Stored items from a collection:
===============

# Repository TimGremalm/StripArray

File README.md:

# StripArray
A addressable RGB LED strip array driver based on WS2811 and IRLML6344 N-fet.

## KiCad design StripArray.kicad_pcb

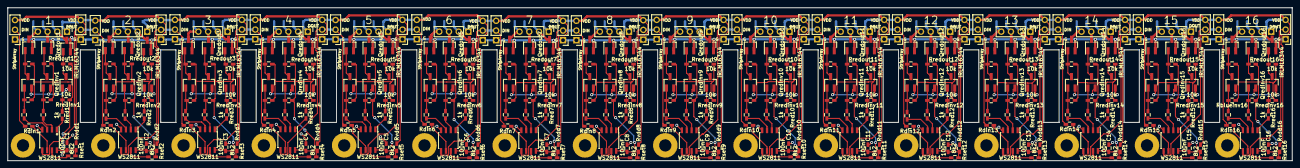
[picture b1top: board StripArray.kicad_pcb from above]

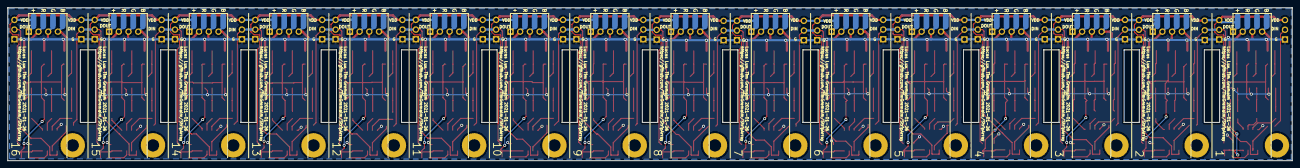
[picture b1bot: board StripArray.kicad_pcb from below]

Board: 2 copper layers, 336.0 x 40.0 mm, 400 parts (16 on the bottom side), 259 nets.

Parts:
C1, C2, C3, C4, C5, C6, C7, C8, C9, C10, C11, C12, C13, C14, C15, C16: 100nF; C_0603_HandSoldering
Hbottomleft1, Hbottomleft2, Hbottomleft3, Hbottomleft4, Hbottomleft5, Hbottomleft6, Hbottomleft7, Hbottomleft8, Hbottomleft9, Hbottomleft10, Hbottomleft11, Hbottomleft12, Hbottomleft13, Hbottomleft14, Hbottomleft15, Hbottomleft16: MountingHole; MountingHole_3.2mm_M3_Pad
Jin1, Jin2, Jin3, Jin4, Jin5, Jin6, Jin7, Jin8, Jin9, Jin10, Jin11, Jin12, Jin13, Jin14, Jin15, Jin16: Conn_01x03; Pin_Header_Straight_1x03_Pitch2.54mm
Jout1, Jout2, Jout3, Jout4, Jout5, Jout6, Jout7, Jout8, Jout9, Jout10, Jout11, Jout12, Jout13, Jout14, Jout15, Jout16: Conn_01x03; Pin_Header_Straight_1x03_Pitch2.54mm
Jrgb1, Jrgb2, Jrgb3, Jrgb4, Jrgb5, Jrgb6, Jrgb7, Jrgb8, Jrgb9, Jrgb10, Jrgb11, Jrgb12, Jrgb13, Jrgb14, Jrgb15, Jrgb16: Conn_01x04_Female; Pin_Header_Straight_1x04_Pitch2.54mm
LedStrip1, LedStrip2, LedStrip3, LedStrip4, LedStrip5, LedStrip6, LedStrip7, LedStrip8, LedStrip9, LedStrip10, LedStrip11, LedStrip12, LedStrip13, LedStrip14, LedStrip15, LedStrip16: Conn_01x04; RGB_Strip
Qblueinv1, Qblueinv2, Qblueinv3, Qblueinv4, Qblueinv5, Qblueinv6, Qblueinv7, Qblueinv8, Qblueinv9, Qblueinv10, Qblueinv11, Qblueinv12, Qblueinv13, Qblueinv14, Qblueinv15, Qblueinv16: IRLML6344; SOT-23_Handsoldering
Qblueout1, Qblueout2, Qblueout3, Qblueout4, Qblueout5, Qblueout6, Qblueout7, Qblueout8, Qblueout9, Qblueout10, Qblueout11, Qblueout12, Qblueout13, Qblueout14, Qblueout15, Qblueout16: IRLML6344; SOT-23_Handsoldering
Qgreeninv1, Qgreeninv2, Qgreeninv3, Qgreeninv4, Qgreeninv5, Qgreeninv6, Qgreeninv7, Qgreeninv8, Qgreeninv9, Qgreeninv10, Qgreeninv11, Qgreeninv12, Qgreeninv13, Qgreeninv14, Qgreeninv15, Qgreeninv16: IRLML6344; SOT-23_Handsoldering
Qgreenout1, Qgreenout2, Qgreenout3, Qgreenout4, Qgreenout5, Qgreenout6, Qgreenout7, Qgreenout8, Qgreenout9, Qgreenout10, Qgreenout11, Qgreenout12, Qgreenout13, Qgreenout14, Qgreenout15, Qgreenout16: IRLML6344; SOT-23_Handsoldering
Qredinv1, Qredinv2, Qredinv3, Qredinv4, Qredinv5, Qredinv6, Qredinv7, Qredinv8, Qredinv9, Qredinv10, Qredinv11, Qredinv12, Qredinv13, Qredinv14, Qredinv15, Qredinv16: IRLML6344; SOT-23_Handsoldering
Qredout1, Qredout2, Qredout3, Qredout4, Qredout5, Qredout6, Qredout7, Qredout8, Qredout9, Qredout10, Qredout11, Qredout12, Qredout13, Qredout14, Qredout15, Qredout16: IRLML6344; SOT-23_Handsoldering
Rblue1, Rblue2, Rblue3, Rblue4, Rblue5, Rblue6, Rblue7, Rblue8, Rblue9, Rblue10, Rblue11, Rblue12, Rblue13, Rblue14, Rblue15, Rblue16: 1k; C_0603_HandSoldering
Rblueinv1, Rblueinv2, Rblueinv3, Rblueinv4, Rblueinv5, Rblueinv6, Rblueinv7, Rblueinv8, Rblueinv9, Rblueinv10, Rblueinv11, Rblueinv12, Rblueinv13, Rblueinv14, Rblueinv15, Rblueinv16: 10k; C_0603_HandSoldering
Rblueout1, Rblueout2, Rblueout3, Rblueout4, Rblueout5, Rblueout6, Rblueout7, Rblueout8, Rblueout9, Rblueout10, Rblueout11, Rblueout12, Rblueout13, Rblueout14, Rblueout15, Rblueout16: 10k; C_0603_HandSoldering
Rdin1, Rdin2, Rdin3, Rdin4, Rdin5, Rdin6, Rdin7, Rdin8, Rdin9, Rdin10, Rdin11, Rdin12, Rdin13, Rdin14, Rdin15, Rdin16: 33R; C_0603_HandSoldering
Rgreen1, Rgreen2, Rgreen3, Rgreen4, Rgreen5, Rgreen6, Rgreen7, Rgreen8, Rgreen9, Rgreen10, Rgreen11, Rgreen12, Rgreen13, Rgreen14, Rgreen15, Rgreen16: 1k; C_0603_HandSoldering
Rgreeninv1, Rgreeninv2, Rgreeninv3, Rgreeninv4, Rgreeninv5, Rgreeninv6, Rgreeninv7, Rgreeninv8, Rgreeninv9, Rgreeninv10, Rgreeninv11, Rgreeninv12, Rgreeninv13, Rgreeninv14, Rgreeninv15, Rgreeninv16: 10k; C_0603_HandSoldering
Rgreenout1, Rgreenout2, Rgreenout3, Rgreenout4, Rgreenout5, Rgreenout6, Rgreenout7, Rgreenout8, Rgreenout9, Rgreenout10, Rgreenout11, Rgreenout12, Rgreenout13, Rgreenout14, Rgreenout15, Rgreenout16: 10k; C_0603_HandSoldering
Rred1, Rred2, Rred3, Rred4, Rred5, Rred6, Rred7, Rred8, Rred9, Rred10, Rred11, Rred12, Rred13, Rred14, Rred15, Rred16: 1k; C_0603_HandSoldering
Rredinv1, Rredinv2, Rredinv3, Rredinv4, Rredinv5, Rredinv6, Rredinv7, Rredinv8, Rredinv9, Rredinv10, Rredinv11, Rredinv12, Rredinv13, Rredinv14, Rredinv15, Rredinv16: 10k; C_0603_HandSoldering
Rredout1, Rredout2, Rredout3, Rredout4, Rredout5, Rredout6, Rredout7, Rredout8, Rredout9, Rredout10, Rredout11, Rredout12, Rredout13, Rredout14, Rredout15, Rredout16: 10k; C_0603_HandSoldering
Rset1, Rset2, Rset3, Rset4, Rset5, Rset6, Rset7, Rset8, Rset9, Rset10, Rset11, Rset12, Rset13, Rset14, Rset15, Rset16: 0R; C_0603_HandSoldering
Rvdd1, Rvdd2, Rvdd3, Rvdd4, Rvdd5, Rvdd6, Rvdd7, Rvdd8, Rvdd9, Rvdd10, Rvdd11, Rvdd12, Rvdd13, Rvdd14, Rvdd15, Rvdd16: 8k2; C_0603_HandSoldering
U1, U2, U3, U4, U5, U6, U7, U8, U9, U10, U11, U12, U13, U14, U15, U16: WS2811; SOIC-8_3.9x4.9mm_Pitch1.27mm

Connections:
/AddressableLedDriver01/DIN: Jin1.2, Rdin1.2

===============

Your answer must be an exact copy of every entry, with no pictures in it.

Written answer:
# Repository TimGremalm/StripArray

File README.md:

# StripArray
A addressable RGB LED strip array driver based on WS2811 and IRLML6344 N-fet.

## KiCad design StripArray.kicad_pcb

[picture b1top: board StripArray.kicad_pcb from above]

[picture b1bot: board StripArray.kicad_pcb from below]

Board: 2 copper layers, 336.0 x 40.0 mm, 400 parts (16 on the bottom side), 259 nets.

Parts:
C1, C2, C3, C4, C5, C6, C7, C8, C9, C10, C11, C12, C13, C14, C15, C16: 100nF; C_0603_HandSoldering
Hbottomleft1, Hbottomleft2, Hbottomleft3, Hbottomleft4, Hbottomleft5, Hbottomleft6, Hbottomleft7, Hbottomleft8, Hbottomleft9, Hbottomleft10, Hbottomleft11, Hbottomleft12, Hbottomleft13, Hbottomleft14, Hbottomleft15, Hbottomleft16: MountingHole; MountingHole_3.2mm_M3_Pad
Jin1, Jin2, Jin3, Jin4, Jin5, Jin6, Jin7, Jin8, Jin9, Jin10, Jin11, Jin12, Jin13, Jin14, Jin15, Jin16: Conn_01x03; Pin_Header_Straight_1x03_Pitch2.54mm
Jout1, Jout2, Jout3, Jout4, Jout5, Jout6, Jout7, Jout8, Jout9, Jout10, Jout11, Jout12, Jout13, Jout14, Jout15, Jout16: Conn_01x03; Pin_Header_Straight_1x03_Pitch2.54mm
Jrgb1, Jrgb2, Jrgb3, Jrgb4, Jrgb5, Jrgb6, Jrgb7, Jrgb8, Jrgb9, Jrgb10, Jrgb11, Jrgb12, Jrgb13, Jrgb14, Jrgb15, Jrgb16: Conn_01x04_Female; Pin_Header_Straight_1x04_Pitch2.54mm
LedStrip1, LedStrip2, LedStrip3, LedStrip4, LedStrip5, LedStrip6, LedStrip7, LedStrip8, LedStrip9, LedStrip10, LedStrip11, LedStrip12, LedStrip13, LedStrip14, LedStrip15, LedStrip16: Conn_01x04; RGB_Strip
Qblueinv1, Qblueinv2, Qblueinv3, Qblueinv4, Qblueinv5, Qblueinv6, Qblueinv7, Qblueinv8, Qblueinv9, Qblueinv10, Qblueinv11, Qblueinv12, Qblueinv13, Qblueinv14, Qblueinv15, Qblueinv16: IRLML6344; SOT-23_Handsoldering
Qblueout1, Qblueout2, Qblueout3, Qblueout4, Qblueout5, Qblueout6, Qblueout7, Qblueout8, Qblueout9, Qblueout10, Qblueout11, Qblueout12, Qblueout13, Qblueout14, Qblueout15, Qblueout16: IRLML6344; SOT-23_Handsoldering
Qgreeninv1, Qgreeninv2, Qgreeninv3, Qgreeninv4, Qgreeninv5, Qgreeninv6, Qgreeninv7, Qgreeninv8, Qgreeninv9, Qgreeninv10, Qgreeninv11, Qgreeninv12, Qgreeninv13, Qgreeninv14, Qgreeninv15, Qgreeninv16: IRLML6344; SOT-23_Handsoldering
Qgreenout1, Qgreenout2, Qgreenout3, Qgreenout4, Qgreenout5, Qgreenout6, Qgreenout7, Qgreenout8, Qgreenout9, Qgreenout10, Qgreenout11, Qgreenout12, Qgreenout13, Qgreenout14, Qgreenout15, Qgreenout16: IRLML6344; SOT-23_Handsoldering
Qredinv1, Qredinv2, Qredinv3, Qredinv4, Qredinv5, Qredinv6, Qredinv7, Qredinv8, Qredinv9, Qredinv10, Qredinv11, Qredinv12, Qredinv13, Qredinv14, Qredinv15, Qredinv16: IRLML6344; SOT-23_Handsoldering
Qredout1, Qredout2, Qredout3, Qredout4, Qredout5, Qredout6, Qredout7, Qredout8, Qredout9, Qredout10, Qredout11, Qredout12, Qredout13, Qredout14, Qredout15, Qredout16: IRLML6344; SOT-23_Handsoldering
Rblue1, Rblue2, Rblue3, Rblue4, Rblue5, Rblue6, Rblue7, Rblue8, Rblue9, Rblue10, Rblue11, Rblue12, Rblue13, Rblue14, Rblue15, Rblue16: 1k; C_0603_HandSoldering
Rblueinv1, Rblueinv2, Rblueinv3, Rblueinv4, Rblueinv5, Rblueinv6, Rblueinv7, Rblueinv8, Rblueinv9, Rblueinv10, Rblueinv11, Rblueinv12, Rblueinv13, Rblueinv14, Rblueinv15, Rblueinv16: 10k; C_0603_HandSoldering
Rblueout1, Rblueout2, Rblueout3, Rblueout4, Rblueout5, Rblueout6, Rblueout7, Rblueout8, Rblueout9, Rblueout10, Rblueout11, Rblueout12, Rblueout13, Rblueout14, Rblueout15, Rblueout16: 10k; C_0603_HandSoldering
Rdin1, Rdin2, Rdin3, Rdin4, Rdin5, Rdin6, Rdin7, Rdin8, Rdin9, Rdin10, Rdin11, Rdin12, Rdin13, Rdin14, Rdin15, Rdin16: 33R; C_0603_HandSoldering
Rgreen1, Rgreen2, Rgreen3, Rgreen4, Rgreen5, Rgreen6, Rgreen7, Rgreen8, Rgreen9, Rgreen10, Rgreen11, Rgreen12, Rgreen13, Rgreen14, Rgreen15, Rgreen16: 1k; C_0603_HandSoldering
Rgreeninv1, Rgreeninv2, Rgreeninv3, Rgreeninv4, Rgreeninv5, Rgreeninv6, Rgreeninv7, Rgreeninv8, Rgreeninv9, Rgreeninv10, Rgreeninv11, Rgreeninv12, Rgreeninv13, Rgreeninv14, Rgreeninv15, Rgreeninv16: 10k; C_0603_HandSoldering
Rgreenout1, Rgreenout2, Rgreenout3, Rgreenout4, Rgreenout5, Rgreenout6, Rgreenout7, Rgreenout8, Rgreenout9, Rgreenout10, Rgreenout11, Rgreenout12, Rgreenout13, Rgreenout14, Rgreenout15, Rgreenout16: 10k; C_0603_HandSoldering
Rred1, Rred2, Rred3, Rred4, Rred5, Rred6, Rred7, Rred8, Rred9, Rred10, Rred11, Rred12, Rred13, Rred14, Rred15, Rred16: 1k; C_0603_HandSoldering
Rredinv1, Rredinv2, Rredinv3, Rredinv4, Rredinv5, Rredinv6, Rredinv7, Rredinv8, Rredinv9, Rredinv10, Rredinv11, Rredinv12, Rredinv13, Rredinv14, Rredinv15, Rredinv16: 10k; C_0603_HandSoldering
Rredout1, Rredout2, Rredout3, Rredout4, Rredout5, Rredout6, Rredout7, Rredout8, Rredout9, Rredout10, Rredout11, Rredout12, Rredout13, Rredout14, Rredout15, Rredout16: 10k; C_0603_HandSoldering
Rset1, Rset2, Rset3, Rset4, Rset5, Rset6, Rset7, Rset8, Rset9, Rset10, Rset11, Rset12, Rset13, Rset14, Rset15, Rset16: 0R; C_0603_HandSoldering
Rvdd1, Rvdd2, Rvdd3, Rvdd4, Rvdd5, Rvdd6, Rvdd7, Rvdd8, Rvdd9, Rvdd10, Rvdd11, Rvdd12, Rvdd13, Rvdd14, Rvdd15, Rvdd16: 8k2; C_0603_HandSoldering
U1, U2, U3, U4, U5, U6, U7, U8, U9, U10, U11, U12, U13, U14, U15, U16: WS2811; SOIC-8_3.9x4.9mm_Pitch1.27mm

Connections:
/AddressableLedDriver01/DIN: Jin1.2, Rdin1.2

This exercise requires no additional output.